Cash and Cash Equivalents and Insurance Liabilities

Cash and Cash Equivalents and Insurance Liabilities and Borrowings (MarketWatch)

The hype in the housing market may also help it capture more demand. In a recent survey, 26 million Americans intend to buy houses this year. It is way higher than the average number of sold units at 5-6 million annually. Despite macroeconomic pressures, 34% of them are confident in their capacity to buy. It is no wonder that amidst the challenges in the P/C insurance market, its hype remains evident. Statistics estimate a 3.7% and 6% CAGR in the global and US P/C insurance market. In turn, it may raise the demand for P/C insurance. Being at the forefront of climate change, it remains a staple for many homeowners. But HRTG has to be more cautious, given all the possible challenges discussed earlier. Stepping back a bit and assessing its operations in Florida may help it make a sound judgment. Expanding in other states is a wise option, but it may take time to strengthen its market presence.

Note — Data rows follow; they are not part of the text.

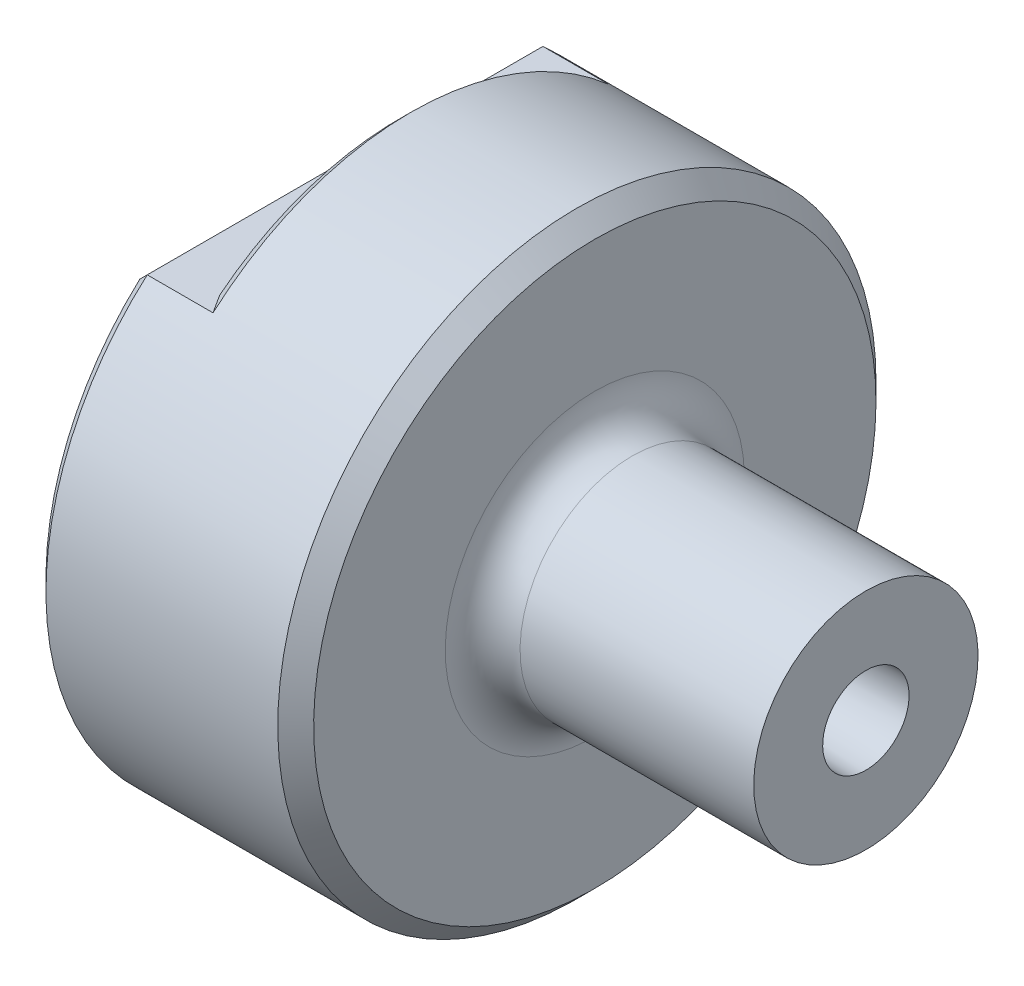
ISO-10303-21;
HEADER;
FILE_DESCRIPTION(('STEP AP214'),'2;1');
FILE_NAME('part.step','',(''),(''),'','','');
FILE_SCHEMA(('AUTOMOTIVE_DESIGN { 1 0 10303 214 1 1 1 1 }'));
ENDSEC;
DATA;
#1=APPLICATION_CONTEXT('core data for automotive mechanical design processes');
#2=APPLICATION_PROTOCOL_DEFINITION('international standard','automotive_design',2000,#1);
#3=PRODUCT_CONTEXT('',#1,'mechanical');
#4=PRODUCT('Part','Part','',(#3));
#5=PRODUCT_RELATED_PRODUCT_CATEGORY('part','',(#4));
#6=PRODUCT_DEFINITION_FORMATION('','',#4);
#7=PRODUCT_DEFINITION_CONTEXT('part definition',#1,'design');
#8=PRODUCT_DEFINITION('design','',#6,#7);
#9=PRODUCT_DEFINITION_SHAPE('','',#8);
#10=(LENGTH_UNIT() NAMED_UNIT(*) SI_UNIT(.MILLI.,.METRE.));
#11=(NAMED_UNIT(*) PLANE_ANGLE_UNIT() SI_UNIT($,.RADIAN.));
#12=(NAMED_UNIT(*) SI_UNIT($,.STERADIAN.) SOLID_ANGLE_UNIT());
#13=UNCERTAINTY_MEASURE_WITH_UNIT(LENGTH_MEASURE(1.E-05),#10,'distance_accuracy_value','');
#14=(GEOMETRIC_REPRESENTATION_CONTEXT(3) GLOBAL_UNCERTAINTY_ASSIGNED_CONTEXT((#13)) GLOBAL_UNIT_ASSIGNED_CONTEXT((#10,
#11,#12)) REPRESENTATION_CONTEXT('',''));
#15=CARTESIAN_POINT('',(0.,0.,0.));
#16=DIRECTION('',(0.,0.,1.));
#17=DIRECTION('',(1.,0.,0.));
#18=AXIS2_PLACEMENT_3D('',#15,#16,#17);
#19=CARTESIAN_POINT('',(22.621875,0.,0.));
#20=DIRECTION('',(1.,0.,0.));
#21=DIRECTION('',(0.,0.,-1.));
#22=AXIS2_PLACEMENT_3D('',#19,#20,#21);
#23=PLANE('',#22);
#24=CARTESIAN_POINT('',(22.621875,0.,0.));
#25=DIRECTION('',(1.,0.,0.));
#26=DIRECTION('',(0.,1.,0.));
#27=AXIS2_PLACEMENT_3D('',#24,#25,#26);
#28=CIRCLE('',#27,9.525);
#29=CARTESIAN_POINT('',(22.621875,9.525,0.));
#30=VERTEX_POINT('',#29);
#31=EDGE_CURVE('E101',#30,#30,#28,.T.);
#32=ORIENTED_EDGE('',*,*,#31,.T.);
#33=EDGE_LOOP('',(#32));
#34=FACE_BOUND('',#33,.T.);
#35=CARTESIAN_POINT('',(22.621875,0.,0.));
#36=DIRECTION('',(1.,0.,0.));
#37=DIRECTION('',(0.,1.,0.));
#38=AXIS2_PLACEMENT_3D('',#35,#36,#37);
#39=CIRCLE('',#38,3.66892116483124);
#40=CARTESIAN_POINT('',(22.621875,3.66892116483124,0.));
#41=VERTEX_POINT('',#40);
#42=EDGE_CURVE('E157',#41,#41,#39,.T.);
#43=ORIENTED_EDGE('',*,*,#42,.F.);
#44=EDGE_LOOP('',(#43));
#45=FACE_BOUND('',#44,.T.);
#46=ADVANCED_FACE('F32',(#34,#45),#23,.T.);
#47=CARTESIAN_POINT('',(-22.621875,0.,0.));
#48=DIRECTION('',(1.,0.,0.));
#49=DIRECTION('',(0.,0.,-1.));
#50=AXIS2_PLACEMENT_3D('',#47,#48,#49);
#51=PLANE('',#50);
#52=CARTESIAN_POINT('',(-22.621875,0.,0.));
#53=DIRECTION('',(1.,0.,0.));
#54=DIRECTION('',(0.,0.,-1.));
#55=AXIS2_PLACEMENT_3D('',#52,#53,#54);
#56=CIRCLE('',#55,24.384);
#57=CARTESIAN_POINT('',(-22.621875,18.034,-16.4120169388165));
#58=VERTEX_POINT('',#57);
#59=CARTESIAN_POINT('',(-22.621875,18.034,16.4120169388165));
#60=VERTEX_POINT('',#59);
#61=EDGE_CURVE('E52',#58,#60,#56,.F.);
#62=ORIENTED_EDGE('',*,*,#61,.T.);
#63=DIRECTION('',(0.,0.,-1.));
#64=VECTOR('',#63,1.);
#65=CARTESIAN_POINT('',(-22.621875,18.034,0.));
#66=LINE('',#65,#64);
#67=EDGE_CURVE('E126',#60,#58,#66,.T.);
#68=ORIENTED_EDGE('',*,*,#67,.T.);
#69=EDGE_LOOP('',(#62,#68));
#70=FACE_BOUND('',#69,.T.);
#71=CARTESIAN_POINT('',(-22.621875,0.,0.));
#72=DIRECTION('',(1.,0.,0.));
#73=DIRECTION('',(0.,1.,0.));
#74=AXIS2_PLACEMENT_3D('',#71,#72,#73);
#75=CIRCLE('',#74,12.4401929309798);
#76=CARTESIAN_POINT('',(-22.621875,12.4401929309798,0.));
#77=VERTEX_POINT('',#76);
#78=EDGE_CURVE('E106',#77,#77,#75,.T.);
#79=ORIENTED_EDGE('',*,*,#78,.T.);
#80=EDGE_LOOP('',(#79));
#81=FACE_BOUND('',#80,.T.);
#82=ADVANCED_FACE('F166',(#70,#81),#51,.F.);
#83=CARTESIAN_POINT('',(22.621875,0.,0.));
#84=DIRECTION('',(-1.,0.,0.));
#85=DIRECTION('',(0.,0.,1.));
#86=AXIS2_PLACEMENT_3D('',#83,#84,#85);
#87=CYLINDRICAL_SURFACE('',#86,25.4);
#88=CARTESIAN_POINT('',(-1.92087500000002,0.,0.));
#89=DIRECTION('',(1.,0.,0.));
#90=DIRECTION('',(0.,0.,-1.));
#91=AXIS2_PLACEMENT_3D('',#88,#89,#90);
#92=CIRCLE('',#91,25.4);
#93=CARTESIAN_POINT('',(-1.92087500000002,0.,-25.4));
#94=VERTEX_POINT('',#93);
#95=EDGE_CURVE('E97',#94,#94,#92,.F.);
#96=ORIENTED_EDGE('',*,*,#95,.T.);
#97=EDGE_LOOP('',(#96));
#98=FACE_BOUND('',#97,.T.);
#99=DIRECTION('',(-1.,0.,0.));
#100=VECTOR('',#99,1.);
#101=CARTESIAN_POINT('',(22.621875,19.05,-16.8005208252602));
#102=LINE('',#101,#100);
#103=CARTESIAN_POINT('',(-21.605875,19.05,-16.8005208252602));
#104=VERTEX_POINT('',#103);
#105=CARTESIAN_POINT('',(-16.017875,19.05,-16.8005208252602));
#106=VERTEX_POINT('',#105);
#107=EDGE_CURVE('E100',#104,#106,#102,.F.);
#108=ORIENTED_EDGE('',*,*,#107,.T.);
#109=CARTESIAN_POINT('',(-16.017875,0.,0.));
#110=DIRECTION('',(-1.,0.,0.));
#111=DIRECTION('',(0.,0.,1.));
#112=AXIS2_PLACEMENT_3D('',#109,#110,#111);
#113=CIRCLE('',#112,25.4);
#114=CARTESIAN_POINT('',(-16.017875,19.05,16.8005208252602));
#115=VERTEX_POINT('',#114);
#116=EDGE_CURVE('E86',#106,#115,#113,.F.);
#117=ORIENTED_EDGE('',*,*,#116,.T.);
#118=DIRECTION('',(-1.,0.,0.));
#119=VECTOR('',#118,1.);
#120=CARTESIAN_POINT('',(22.621875,19.05,16.8005208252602));
#121=LINE('',#120,#119);
#122=CARTESIAN_POINT('',(-21.605875,19.05,16.8005208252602));
#123=VERTEX_POINT('',#122);
#124=EDGE_CURVE('E103',#115,#123,#121,.T.);
#125=ORIENTED_EDGE('',*,*,#124,.T.);
#126=CARTESIAN_POINT('',(-21.605875,0.,0.));
#127=DIRECTION('',(1.,0.,0.));
#128=DIRECTION('',(0.,0.,-1.));
#129=AXIS2_PLACEMENT_3D('',#126,#127,#128);
#130=CIRCLE('',#129,25.4);
#131=EDGE_CURVE('E96',#123,#104,#130,.T.);
#132=ORIENTED_EDGE('',*,*,#131,.T.);
#133=EDGE_LOOP('',(#108,#117,#125,#132));
#134=FACE_BOUND('',#133,.T.);
#135=ADVANCED_FACE('F188',(#98,#134),#87,.T.);
#136=CARTESIAN_POINT('',(-17.033875,0.,0.));
#137=DIRECTION('',(-1.,0.,0.));
#138=DIRECTION('',(0.,0.,1.));
#139=AXIS2_PLACEMENT_3D('',#136,#137,#138);
#140=PLANE('',#139);
#141=DIRECTION('',(0.,0.,1.));
#142=VECTOR('',#141,1.);
#143=CARTESIAN_POINT('',(-17.033875,19.05,-25.4));
#144=LINE('',#143,#142);
#145=CARTESIAN_POINT('',(-17.033875,19.05,-15.2209380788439));
#146=VERTEX_POINT('',#145);
#147=CARTESIAN_POINT('',(-17.033875,19.05,15.2209380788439));
#148=VERTEX_POINT('',#147);
#149=EDGE_CURVE('E95',#146,#148,#144,.T.);
#150=ORIENTED_EDGE('',*,*,#149,.T.);
#151=CARTESIAN_POINT('',(-17.033875,0.,0.));
#152=DIRECTION('',(-1.,0.,0.));
#153=DIRECTION('',(0.,0.,1.));
#154=AXIS2_PLACEMENT_3D('',#151,#152,#153);
#155=CIRCLE('',#154,24.384);
#156=EDGE_CURVE('E84',#148,#146,#155,.T.);
#157=ORIENTED_EDGE('',*,*,#156,.T.);
#158=EDGE_LOOP('',(#150,#157));
#159=FACE_BOUND('',#158,.T.);
#160=ADVANCED_FACE('F94',(#159),#140,.T.);
#161=CARTESIAN_POINT('',(-17.033875,19.05,-25.4));
#162=DIRECTION('',(0.,-1.,0.));
#163=DIRECTION('',(0.,0.,-1.));
#164=AXIS2_PLACEMENT_3D('',#161,#162,#163);
#165=PLANE('',#164);
#166=ORIENTED_EDGE('',*,*,#107,.F.);
#167=DIRECTION('',(0.,0.,1.));
#168=VECTOR('',#167,1.);
#169=CARTESIAN_POINT('',(-21.605875,19.05,-25.4));
#170=LINE('',#169,#168);
#171=EDGE_CURVE('E90',#104,#123,#170,.T.);
#172=ORIENTED_EDGE('',*,*,#171,.T.);
#173=ORIENTED_EDGE('',*,*,#124,.F.);
#174=CARTESIAN_POINT('',(-16.017875,19.05,16.8005208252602));
#175=CARTESIAN_POINT('',(-16.1042219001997,19.05,16.6699759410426));
#176=CARTESIAN_POINT('',(-16.190175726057,19.05,16.5391707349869));
#177=CARTESIAN_POINT('',(-16.3612541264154,19.05,16.2770272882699));
#178=CARTESIAN_POINT('',(-16.4463787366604,19.05,16.1456890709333));
#179=CARTESIAN_POINT('',(-16.6157633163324,19.05,15.8824555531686));
#180=CARTESIAN_POINT('',(-16.7000232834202,19.05,15.7505602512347));
#181=CARTESIAN_POINT('',(-16.8676390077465,19.05,15.4861884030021));
#182=CARTESIAN_POINT('',(-16.9509947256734,19.05,15.3537118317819));
#183=CARTESIAN_POINT('',(-17.033875,19.05,15.2209380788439));
#184=B_SPLINE_CURVE_WITH_KNOTS('',3,(#174,#175,#176,#177,#178,#179,#180,#181,#182,#183),
.UNSPECIFIED.,.F.,.F.,(4,2,2,2,4),(0.,0.469552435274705,0.939084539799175,1.40861791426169,
1.87817162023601),.UNSPECIFIED.);
#185=EDGE_CURVE('E11',#115,#148,#184,.T.);
#186=ORIENTED_EDGE('',*,*,#185,.T.);
#187=ORIENTED_EDGE('',*,*,#149,.F.);
#188=CARTESIAN_POINT('',(-17.033875,19.05,-15.2209380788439));
#189=CARTESIAN_POINT('',(-16.9509947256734,19.05,-15.3537118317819));
#190=CARTESIAN_POINT('',(-16.8676390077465,19.05,-15.4861884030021));
#191=CARTESIAN_POINT('',(-16.7000232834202,19.05,-15.7505602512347));
#192=CARTESIAN_POINT('',(-16.6157633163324,19.05,-15.8824555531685));
#193=CARTESIAN_POINT('',(-16.4463787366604,19.05,-16.1456890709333));
#194=CARTESIAN_POINT('',(-16.3612541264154,19.05,-16.2770272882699));
#195=CARTESIAN_POINT('',(-16.190175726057,19.05,-16.5391707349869));
#196=CARTESIAN_POINT('',(-16.1042219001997,19.05,-16.6699759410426));
#197=CARTESIAN_POINT('',(-16.017875,19.05,-16.8005208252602));
#198=B_SPLINE_CURVE_WITH_KNOTS('',3,(#188,#189,#190,#191,#192,#193,#194,#195,#196,#197),
.UNSPECIFIED.,.F.,.F.,(4,2,2,2,4),(0.,0.469553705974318,0.939087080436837,1.40861918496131,
1.87817162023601),.UNSPECIFIED.);
#199=EDGE_CURVE('E45',#146,#106,#198,.T.);
#200=ORIENTED_EDGE('',*,*,#199,.T.);
#201=EDGE_LOOP('',(#166,#172,#173,#186,#187,#200));
#202=FACE_BOUND('',#201,.T.);
#203=ADVANCED_FACE('F99',(#202),#165,.F.);
#204=CARTESIAN_POINT('',(-0.396875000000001,-25.4,0.));
#205=DIRECTION('',(1.,0.,0.));
#206=DIRECTION('',(0.,1.,0.));
#207=AXIS2_PLACEMENT_3D('',#204,#205,#206);
#208=PLANE('',#207);
#209=CARTESIAN_POINT('',(-0.396875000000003,0.,0.));
#210=DIRECTION('',(1.,0.,0.));
#211=DIRECTION('',(0.,1.,0.));
#212=AXIS2_PLACEMENT_3D('',#209,#210,#211);
#213=CIRCLE('',#212,23.876);
#214=CARTESIAN_POINT('',(-0.396875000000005,23.876,0.));
#215=VERTEX_POINT('',#214);
#216=EDGE_CURVE('E118',#215,#215,#213,.T.);
#217=ORIENTED_EDGE('',*,*,#216,.T.);
#218=EDGE_LOOP('',(#217));
#219=FACE_BOUND('',#218,.T.);
#220=CARTESIAN_POINT('',(-0.396875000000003,0.,0.));
#221=DIRECTION('',(1.,0.,0.));
#222=DIRECTION('',(0.,1.,0.));
#223=AXIS2_PLACEMENT_3D('',#220,#221,#222);
#224=CIRCLE('',#223,12.7);
#225=CARTESIAN_POINT('',(-0.396875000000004,12.7,0.));
#226=VERTEX_POINT('',#225);
#227=EDGE_CURVE('E115',#226,#226,#224,.F.);
#228=ORIENTED_EDGE('',*,*,#227,.T.);
#229=EDGE_LOOP('',(#228));
#230=FACE_BOUND('',#229,.T.);
#231=ADVANCED_FACE('F180',(#219,#230),#208,.T.);
#232=CARTESIAN_POINT('',(22.621875,0.,0.));
#233=DIRECTION('',(1.,0.,0.));
#234=DIRECTION('',(0.,1.,0.));
#235=AXIS2_PLACEMENT_3D('',#232,#233,#234);
#236=CYLINDRICAL_SURFACE('',#235,9.525);
#237=CARTESIAN_POINT('',(2.778125,0.,0.));
#238=DIRECTION('',(1.,0.,0.));
#239=DIRECTION('',(0.,1.,0.));
#240=AXIS2_PLACEMENT_3D('',#237,#238,#239);
#241=CIRCLE('',#240,9.525);
#242=CARTESIAN_POINT('',(2.77812499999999,9.525,0.));
#243=VERTEX_POINT('',#242);
#244=EDGE_CURVE('E112',#243,#243,#241,.T.);
#245=ORIENTED_EDGE('',*,*,#244,.T.);
#246=EDGE_LOOP('',(#245));
#247=FACE_BOUND('',#246,.T.);
#248=ORIENTED_EDGE('',*,*,#31,.F.);
#249=EDGE_LOOP('',(#248));
#250=FACE_BOUND('',#249,.T.);
#251=ADVANCED_FACE('F171',(#247,#250),#236,.T.);
#252=CARTESIAN_POINT('',(-37.049075,0.,0.));
#253=DIRECTION('',(1.,0.,0.));
#254=DIRECTION('',(0.,1.,0.));
#255=AXIS2_PLACEMENT_3D('',#252,#253,#254);
#256=SPHERICAL_SURFACE('',#255,19.05);
#257=CARTESIAN_POINT('',(-18.2027352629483,0.,0.));
#258=DIRECTION('',(1.,0.,0.));
#259=DIRECTION('',(0.,1.,0.));
#260=AXIS2_PLACEMENT_3D('',#257,#258,#259);
#261=CIRCLE('',#260,2.778125);
#262=CARTESIAN_POINT('',(-18.2027352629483,2.77812499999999,0.));
#263=VERTEX_POINT('',#262);
#264=EDGE_CURVE('E154',#263,#263,#261,.T.);
#265=CARTESIAN_POINT('',(-18.2027352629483,2.77812499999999,0.));
#266=CARTESIAN_POINT('',(-18.2190919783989,2.88908700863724,0.));
#267=CARTESIAN_POINT('',(-18.236428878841,2.99990452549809,0.));
#268=CARTESIAN_POINT('',(-18.2730571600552,3.2212160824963,0.));
#269=CARTESIAN_POINT('',(-18.2923485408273,3.33171012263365,0.));
#270=CARTESIAN_POINT('',(-18.3328798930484,3.55234023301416,0.));
#271=CARTESIAN_POINT('',(-18.3541198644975,3.66247630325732,0.));
#272=CARTESIAN_POINT('',(-18.3985417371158,3.88235611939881,0.));
#273=CARTESIAN_POINT('',(-18.4217236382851,3.99209986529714,0.));
#274=CARTESIAN_POINT('',(-18.4700221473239,4.21116079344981,0.));
#275=CARTESIAN_POINT('',(-18.4951387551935,4.32047797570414,0.));
#276=CARTESIAN_POINT('',(-18.5472988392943,4.53865167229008,0.));
#277=CARTESIAN_POINT('',(-18.5743423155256,4.64750818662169,0.));
#278=CARTESIAN_POINT('',(-18.6303477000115,4.86472658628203,0.));
#279=CARTESIAN_POINT('',(-18.6593096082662,4.97308847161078,0.));
#280=CARTESIAN_POINT('',(-18.7191428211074,5.18928380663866,0.));
#281=CARTESIAN_POINT('',(-18.750014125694,5.29711725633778,0.));
#282=CARTESIAN_POINT('',(-18.8136565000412,5.51222207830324,0.));
#283=CARTESIAN_POINT('',(-18.8464275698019,5.61949345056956,0.));
#284=CARTESIAN_POINT('',(-18.913859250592,5.83344065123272,0.));
#285=CARTESIAN_POINT('',(-18.9485198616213,5.94011647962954,0.));
#286=CARTESIAN_POINT('',(-19.0197198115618,6.15283931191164,0.));
#287=CARTESIAN_POINT('',(-19.0562591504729,6.25888631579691,0.));
#288=CARTESIAN_POINT('',(-19.1312051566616,6.47031841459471,0.));
#289=CARTESIAN_POINT('',(-19.1696118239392,6.57570350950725,0.));
#290=CARTESIAN_POINT('',(-19.248280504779,6.78577891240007,0.));
#291=CARTESIAN_POINT('',(-19.2885425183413,6.89046922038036,0.));
#292=CARTESIAN_POINT('',(-19.3709093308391,7.09912238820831,0.));
#293=CARTESIAN_POINT('',(-19.4130141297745,7.20308524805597,0.));
#294=CARTESIAN_POINT('',(-19.4990533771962,7.41025108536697,0.));
#295=CARTESIAN_POINT('',(-19.5429878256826,7.5134540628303,0.));
#296=CARTESIAN_POINT('',(-19.6326726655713,7.71906793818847,0.));
#297=CARTESIAN_POINT('',(-19.6784230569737,7.8214788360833,0.));
#298=CARTESIAN_POINT('',(-19.7717255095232,8.02547660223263,0.));
#299=CARTESIAN_POINT('',(-19.8192775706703,8.12706347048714,0.));
#300=CARTESIAN_POINT('',(-19.9161685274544,8.32938148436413,0.));
#301=CARTESIAN_POINT('',(-19.9655074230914,8.43011262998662,0.));
#302=CARTESIAN_POINT('',(-20.0659566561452,8.63068777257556,0.));
#303=CARTESIAN_POINT('',(-20.117066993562,8.73053176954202,0.));
#304=CARTESIAN_POINT('',(-20.2210431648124,8.92930146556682,0.));
#305=CARTESIAN_POINT('',(-20.2739089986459,9.02822716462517,0.));
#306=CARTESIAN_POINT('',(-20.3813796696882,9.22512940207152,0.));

It is a good thing that it continues to work on its geographical diversification. Hence, HRTG may become more stable, although growth may remain elusive.

P/C Insurance Market Expansion

P/C Insurance Market Expansion (Insurance Journal)

Stock Price Assessment

The stock price of Heritage Insurance Holdings, Inc. remains in a downtrend, even after its sharp decline in April. At $3.11, it has already been cut by 46% from the starting price. It is 57% lower than its peak in March. Using the P/B Ratio of 0.32, it appears that the price is a very good bargain. It may increase from $5.7-6.7. It is way lower than UVE and FNHC. P/B ratio is an ideal metric for insurance companies since it helps assess their value once they are completely liquidated. Also, it is timely, given that a number of P/C companies in Florida have been liquidated. We also want to determine the value of HRTG before we make a position.

It may be more accurate if we use the P/TBV ratio. The percentage more than doubles to almost 0.70. From there, we can see that the company has much goodwill, given the nature of its operations. The amount is reasonable relative to assets and lower than the value in the previous year. But goodwill impairment can tell that its acquired assets generate fewer cash inflows. As such, it must be more careful of its potential impact. It must watch out for market uncertainties, despite its good liquidity and sustainability. Aside from market disruptions, I believe the same ratio reached its limit last March. That may be another logical factor for the sharp decline. Today, the stock price is now a bit undervalued. Using the ratio, the price may go up to $4.5-5 per share.

P/B and P/TBV Ratio

P/B and P/TBV Ratio (Yahoo Finance)

Meanwhile, dividends are consistent, although there has been no increase in recent years. The dividend yield of 7.08% is better than its Florida peers. It means that it produces more returns from dividends, making it relatively cheaper. But the dividend payout ratio using net income and FCF remains at a negative value. If cash flow continues to become a negative value, the capacity to sustain it may be affected.

Dividend Yield

Dividend Yield (Yahoo Finance)

Yahoo Finance

Yahoo Finance (Dividend Payout Ratio)

Bottom Line

Heritage Insurance Holdings, Inc. remains durable amidst market uncertainties. Also, the decrease in its policies in force remains manageable compared to some of its peers. We hope that the efforts to reduce the scams will materialize. It is more crucial since claims may intensify with the above-normal hurricane forecasts. It may help stabilize the frequency of claims and help the market recover. Meanwhile, the stock price has potential undervaluation but not very cheap yet. The recommendation is that Heritage Insurance Holdings, Inc. is a hold.